Satisfeito com seu sucesso, Marinesko voltou para Turku convencido de que afundar dois navios nazistas em duas semanas seria o coroamento de sua carreira. Tinha esperanças de ser agraciado com o título de Herói da União Soviética. “Quando ele voltou ao porto, foi recebido com festa, com dois leitões assados fazendo o papel dos dois navios afundados”, diz Boris Medvedev-Marinesko, enteado do capitão do S-13.
Mas, apesar de suas realizações, os superiores de Marinesko não tinham se esquecido de seu episódio de insubordinação, e ele recebeu uma comenda menos prestigiosa, a Ordem de Combate da Bandeira Vermelha. “Ele guardou sua decepção só para si”, revela o enteado. “A gente via que ele nunca aceitara aquilo”.
Depois da guerra, o quartel-general rebaixou Marinesko de posto, fazendo-o descer dois escalões, e tentou transferi-lo para um navio caça-minas. Ele recusou e foi demitido da Marinha. Ainda tentou trabalhar na Marinha Mercante, mas desistiu, devido a problemas na vista.
Mais tarde, como vice-gerente de um instituto de transfusão de sangue, entrou de novo em encrenca: num dia muito frio de inverno, permitiu que seus funcionários levassem para casa briquetes de turfa, escavados na terra do pátio. Acusado de roubar propriedade do Estado, foi condenado a três anos de prisão no Extremo Oriente, no porto de Vanino, perto de Vladivostok.
“Uma tempestade de neve cobriu nossa casa até o teto”, escreveu ele em carta à esposa. “Para poder sair, tivemos de nos arrastar por um buraco no telhado.” Libertado após um ano e meio, voltou para Leningrado, vindo a morrer de câncer, em 1963. Três décadas depois, logo antes do colapso da União Soviética, Mikhail Gorbachev concedeu a Marinesko o título póstumo de Herói da União Soviética.

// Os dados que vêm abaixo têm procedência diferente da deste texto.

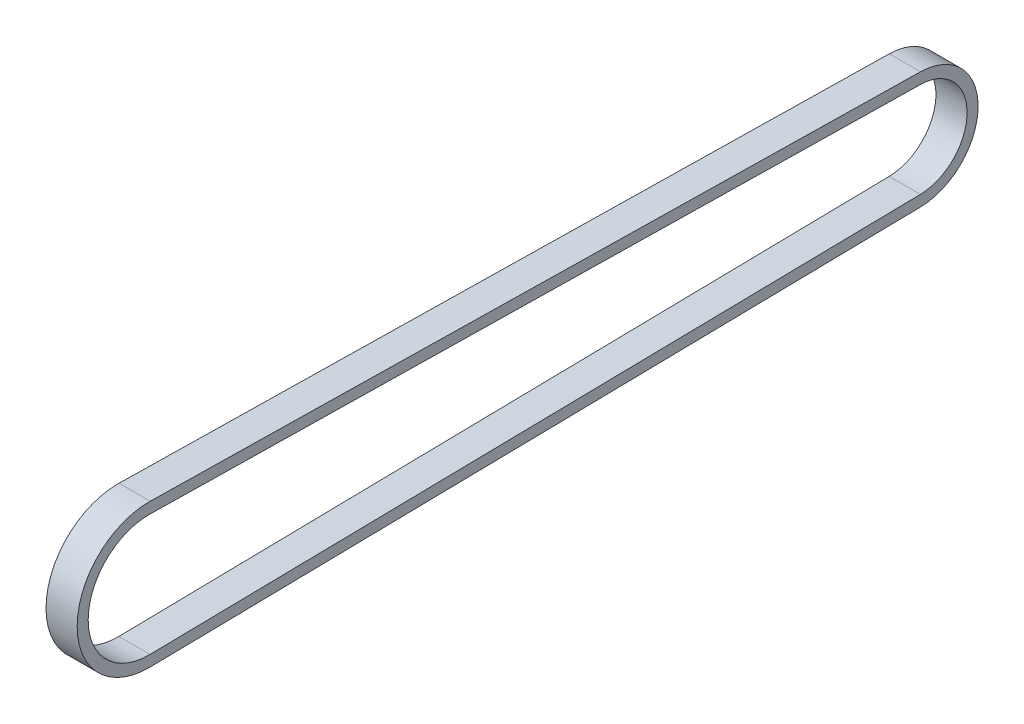
from build123d import *

# Parameters (mm, degrees)
BOSS_EXTRUDE1_DEPTH = 4.5


with BuildPart() as part:
    # Sketch1 → Boss-Extrude1 (new, symmetric)
    with BuildSketch(Plane(origin=(0, 0, 0), x_dir=(0, 0, -1), z_dir=(1, 0, 0))):
        with BuildLine():
            Line((0.355957259, 20.720802777), (222.700361409, 16.901206334))
            ThreePointArc((222.700361409, 16.901206334), (239.31372, 0), (222.700361409, -16.901206334))
            Line((222.700361409, -16.901206334), (0.355957259, -20.720802777))
            ThreePointArc((0.355957259, -20.720802777), (-20.72386, 0), (0.355957259, 20.720802777))
        make_face()
        with BuildLine():
            Line((0.301422809, 17.546271159), (222.64582696, 13.726674716))
            ThreePointArc((222.64582696, 13.726674716), (236.13872, 0), (222.64582696, -13.726674716))
            Line((222.64582696, -13.726674716), (0.301422809, -17.546271159))
            ThreePointArc((0.301422809, -17.546271159), (-17.54886, 0), (0.301422809, 17.546271159))
        make_face(mode=Mode.SUBTRACT)
    extrude(amount=BOSS_EXTRUDE1_DEPTH, both=True)


solid = part.part
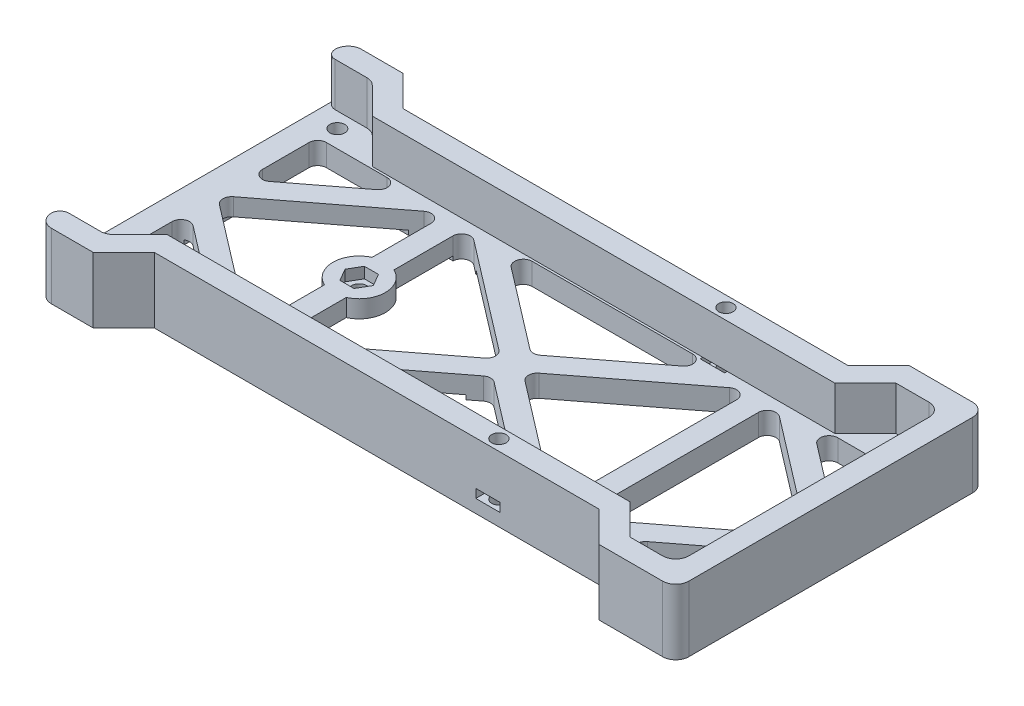
from build123d import *

# Parameters (mm, degrees)
SKETCH1_W                                       = 146
SKETCH1_H                                       = 71
BOSS_EXTRUDE1_DEPTH                             = 15
SHELL1_T                                        = -5
SKETCH2_W                                       = 5
SKETCH2_H                                       = 61
CUT_EXTRUDE1_DEPTH                              = 10
BOSS_EXTRUDE2_DEPTH                             = 10
CSK_FOR_M3_FLAT_HEAD_MACHINE_SCREW1_D           = 3.4
CSK_FOR_M3_FLAT_HEAD_MACHINE_SCREW1_DEPTH       = 10
CSK_FOR_M3_FLAT_HEAD_MACHINE_SCREW1_CSINK_D     = 6.3
CSK_FOR_M3_FLAT_HEAD_MACHINE_SCREW1_CSINK_ANGLE = 90
CSK_FOR_M3_FLAT_HEAD_MACHINE_SCREW1_TIP         = 1.021463052
FILLET1_R                                       = 3
CUT_EXTRUDE3_DEPTH                              = 10
FILLET2_R                                       = 2
SKETCH14_R                                      = 6
BOSS_EXTRUDE4_DEPTH                             = 5
F_3_5_3_5_DIAMETER_HOLE1_D                      = 3.5
CUT_EXTRUDE6_DEPTH                              = 2.5
CUT_EXTRUDE7_DEPTH                              = 10
CUT_EXTRUDE7_DEPTH_BACK                         = 1
SKETCH19_W                                      = 63
SKETCH19_H                                      = 38
CUT_EXTRUDE8_DEPTH                              = 83.54847061
FILLET4_R                                       = 2
FILLET5_R                                       = 3
F_3_3_3_3_DIAMETER_HOLE1_D                      = 3.3
SKETCH24_W                                      = 5.6
SKETCH24_H                                      = 2
CUT_EXTRUDE9_DEPTH                              = 5.6
SKETCH25_W                                      = 5.6
SKETCH25_H                                      = 2
CUT_EXTRUDE10_DEPTH                             = 5.6


with BuildPart() as part:
    # Sketch1 → Boss-Extrude1 (new body)
    with BuildSketch(Plane(origin=(0, 0, 0), x_dir=(1, 0, 0), z_dir=(0, 1, 0))):
        Rectangle(SKETCH1_W, SKETCH1_H)
    extrude(amount=BOSS_EXTRUDE1_DEPTH)

    # Shell1
    shell1_openings = [part.faces().sort_by_distance(p)[0] for p in [
        (0, 15, 0),
    ]]
    offset(amount=SHELL1_T, openings=shell1_openings, kind=Kind.INTERSECTION)

    # Sketch2 → Cut-Extrude1 (cut)
    with BuildSketch(Plane(origin=(0, 15, 0), x_dir=(1, 0, 0), z_dir=(0, 1, 0))):
        with Locations((-70.5, 0)):
            Rectangle(SKETCH2_W, SKETCH2_H)
    extrude(amount=-CUT_EXTRUDE1_DEPTH, mode=Mode.SUBTRACT)

    # Sketch3 → Boss-Extrude2 (add)
    with BuildSketch(Plane(origin=(0, 5, 0), x_dir=(1, 0, 0), z_dir=(0, 1, 0))):
        Polygon((-55.5, 23.5), (50.5, 23.5), (57.5, 30.5), (-62.5, 30.5), align=None)
        Polygon((-55.5, -23.5), (-62.5, -30.5), (57.5, -30.5), (50.5, -23.5), align=None)
    extrude(amount=BOSS_EXTRUDE2_DEPTH)

    # CSK for M3 Flat Head Machine Screw1
    with Locations(Plane(origin=(0, 0, 0), x_dir=(-1, 0, 0), z_dir=(0, -1, 0))):
        with Locations((-63, -27), (67, 27), (67, -27), (-63, 27)):
            CounterSinkHole(CSK_FOR_M3_FLAT_HEAD_MACHINE_SCREW1_D / 2, CSK_FOR_M3_FLAT_HEAD_MACHINE_SCREW1_CSINK_D / 2, depth=CSK_FOR_M3_FLAT_HEAD_MACHINE_SCREW1_DEPTH, counter_sink_angle=CSK_FOR_M3_FLAT_HEAD_MACHINE_SCREW1_CSINK_ANGLE)
            with Locations((0, 0, -(CSK_FOR_M3_FLAT_HEAD_MACHINE_SCREW1_DEPTH + CSK_FOR_M3_FLAT_HEAD_MACHINE_SCREW1_TIP / 2))):  # 118° drill point
                Cone(0, CSK_FOR_M3_FLAT_HEAD_MACHINE_SCREW1_D / 2, CSK_FOR_M3_FLAT_HEAD_MACHINE_SCREW1_TIP, mode=Mode.SUBTRACT)

    # Fillet1
    fillet1_edges = [part.edges().sort_by_distance(p)[0] for p in [
        (-73, 7.5, -35.5),
        (73, 7.5, -35.5),
        (73, 7.5, 35.5),
        (-73, 7.5, 35.5),
    ]]
    fillet(fillet1_edges, radius=FILLET1_R)

    # Sketch8 → Cut-Extrude3 (cut)
    with BuildSketch(Plane.XZ):
        Polygon((67.5, 0), (37.5, 23), (37.5, -23), align=None)
        Polygon((0, 4.383686057), (24.282148621, 23), (-24.282148621, 23), align=None)
        Polygon((2.5, 0), (32.5, -23), (32.5, 23), align=None)
        Polygon((-2.5, 0), (-32.5, 23), (-32.5, -23), align=None)
        Polygon((-67.5, 0), (-37.5, -23), (-37.5, 23), align=None)
        Polygon((-45.717851379, 23), (-67.5, 23), (-67.5, 6.300352724), align=None)
        Polygon((67.5, 6.300352724), (45.717851379, 23), (67.5, 23), align=None)
        Polygon((45.717851379, -23), (67.5, -23), (67.5, -6.300352724), align=None)
        Polygon((-67.5, -6.300352724), (-45.717851379, -23), (-67.5, -23), align=None)
        Polygon((-24.282148621, -23), (24.282148621, -23), (0, -4.383686057), align=None)
    extrude(amount=-CUT_EXTRUDE3_DEPTH, mode=Mode.SUBTRACT)

    # Fillet2
    fillet2_edges = [part.edges().sort_by_distance(p)[0] for p in [
        (-67.5, 2.5, 0),
        (-37.5, 2.5, 23),
        (-37.5, 2.5, -23),
        (0, 2.5, 4.383686057),
        (-24.282148621, 2.5, 23),
        (24.282148621, 2.5, 23),
        (45.717851379, 2.5, -23),
        (67.5, 2.5, -6.300352724),
        (67.5, 2.5, -23),
        (-67.5, 2.5, -23),
        (-67.5, 2.5, -6.300352724),
        (-45.717851379, 2.5, -23),
        (67.5, 2.5, 23),
        (67.5, 2.5, 6.300352724),
        (45.717851379, 2.5, 23),
        (-45.717851379, 2.5, 23),
        (-67.5, 2.5, 6.300352724),
        (-67.5, 2.5, 23),
        (-2.5, 2.5, 0),
        (-32.5, 2.5, -23),
        (-32.5, 2.5, 23),
        (2.5, 2.5, 0),
        (32.5, 2.5, 23),
        (32.5, 2.5, -23),
        (-24.282148621, 2.5, -23),
        (0, 2.5, -4.383686057),
        (24.282148621, 2.5, -23),
        (67.5, 2.5, 0),
        (37.5, 2.5, -23),
        (37.5, 2.5, 23),
    ]]
    fillet(fillet2_edges, radius=FILLET2_R)

    # Sketch14 → Boss-Extrude4 (add, through all)
    with BuildSketch(Plane(origin=(0, 5, 0), x_dir=(1, 0, 0), z_dir=(0, 1, 0))):
        with Locations((-35, 0)):
            Circle(SKETCH14_R)
    extrude(amount=-BOSS_EXTRUDE4_DEPTH)

    # Ø3.5 (3.5) Diameter Hole1 (through all)
    with Locations(Plane(origin=(0, 5, 0), x_dir=(1, 0, 0), z_dir=(0, 1, 0))):
        with Locations((-35, 0)):
            Hole(F_3_5_3_5_DIAMETER_HOLE1_D / 2)

    # Sketch17 → Cut-Extrude6 (cut)
    with BuildSketch(Plane(origin=(0, 5, 0), x_dir=(1, 0, 0), z_dir=(0, 1, 0))):
        Polygon((-31.766838493, 0), (-33.383419246, 2.8), (-36.616580754, 2.8), (-38.233161507, 0), (-36.616580754, -2.8), (-33.383419246, -2.8), align=None)
    extrude(amount=-CUT_EXTRUDE6_DEPTH, mode=Mode.SUBTRACT)

    # Sketch19 → Cut-Extrude7 (cut, two sides: drawn at the far end of the back side and taken through both)
    with BuildSketch(Plane.XZ.offset(-CUT_EXTRUDE7_DEPTH_BACK)):
        with Locations((-35, 0)):
            Rectangle(SKETCH19_W, SKETCH19_H)
    extrude(amount=CUT_EXTRUDE7_DEPTH + CUT_EXTRUDE7_DEPTH_BACK, mode=Mode.SUBTRACT)

    # Sketch20 → Cut-Extrude8 (cut, through all)
    with BuildSketch(Plane(origin=(0, 15, 0), x_dir=(1, 0, 0), z_dir=(0, 1, 0))):
        Polygon((-58.964466094, 34.035533906), (-60.428932188, 35.5), (55.428932188, 35.5), (53.964466094, 34.035533906), (48.428932188, 28.5), (-53.428932188, 28.5), align=None)
        Polygon((-58.964466094, -34.035533906), (-53.428932188, -28.5), (48.428932188, -28.5), (53.964466094, -34.035533906), (55.428932188, -35.5), (-60.428932188, -35.5), align=None)
    extrude(amount=-CUT_EXTRUDE8_DEPTH, mode=Mode.SUBTRACT)

    # Fillet4
    fillet4_edges = [part.edges().sort_by_distance(p)[0] for p in [
        (-73, 10, -30.5),
        (-73, 10, 30.5),
    ]]
    fillet(fillet4_edges, radius=FILLET4_R - 0.0001)  # a hair under: the kernel refuses the full size

    # Fillet5
    fillet5_edges = [part.edges().sort_by_distance(p)[0] for p in [
        (68, 10, 30.5),
        (68, 10, -30.5),
        (-62.5, 10, -30.5),
        (-62.5, 10, 30.5),
    ]]
    fillet(fillet5_edges, radius=FILLET5_R)

    # Ø3.3 (3.3) Diameter Hole1 (through all)
    with Locations(Plane(origin=(0, 0, 0), x_dir=(-1, 0, 0), z_dir=(0, -1, 0))):
        with Locations((-23, 26), (-23, -26)):
            Hole(F_3_3_3_3_DIAMETER_HOLE1_D / 2)

    # Sketch24 → Cut-Extrude9 (cut)
    with BuildSketch(Plane.XY.offset(28.5)):
        with Locations((23, 4)):
            Rectangle(SKETCH24_W, SKETCH24_H)
    extrude(amount=-CUT_EXTRUDE9_DEPTH, mode=Mode.SUBTRACT)

    # Sketch25 → Cut-Extrude10 (cut)
    with BuildSketch(Plane(origin=(0, 0, -28.5), x_dir=(-1, 0, 0), z_dir=(0, 0, -1))):
        with Locations((-23, 4)):
            Rectangle(SKETCH25_W, SKETCH25_H)
    extrude(amount=-CUT_EXTRUDE10_DEPTH, mode=Mode.SUBTRACT)


solid = part.part

Seu túmulo em São Petersburgo é de granito com letras douradas, e tem seu busto em posição bem elevada. Parei diante dele, tentando compreender aquele homem. Seria um assassino de refugiados, como diriam alguns na Alemanha? Ou um talentoso homem do mar, que realizou “o ataque do século”? Ou um guerreiro de espírito livre e independente para quem as batalhas eram simples oportunidades de brilhar? E, por fim, tinha ele o direito de atirar nos navios? Faço essa pergunta ao alemão Heinz Schön, sobrevivente do Gustloff e autor de mais de dez livros sobre batalhas navais alemãs na Segunda Guerra. Depois de hesitar longo tempo, ele responde com uma firmeza surpreendente: “Nós éramos os opressores. Nós atacamos a Polônia; nós iniciamos a guerra.”
Nossa expedição de dez dias estava chegando ao fim quando Heinz Peters, diplomata da Embaixada da Alemanha na Polônia, veio prestar seu respeito aos mortos.
Ao atirar uma coroa de flores vermelhas e brancas nas águas escuras, suas palavras foram: “Possam os povos que vivem às margens do Báltico jamais testemunhar novamente uma guerra. Foi essa guerra, iniciada pela Alemanha, que teve conseqüências trágicas, como a destruição da vida dessas pessoas de quem hoje nos lembramos”.
As flores flutuaram longo tempo até desaparecer, tragadas por enormes ondas.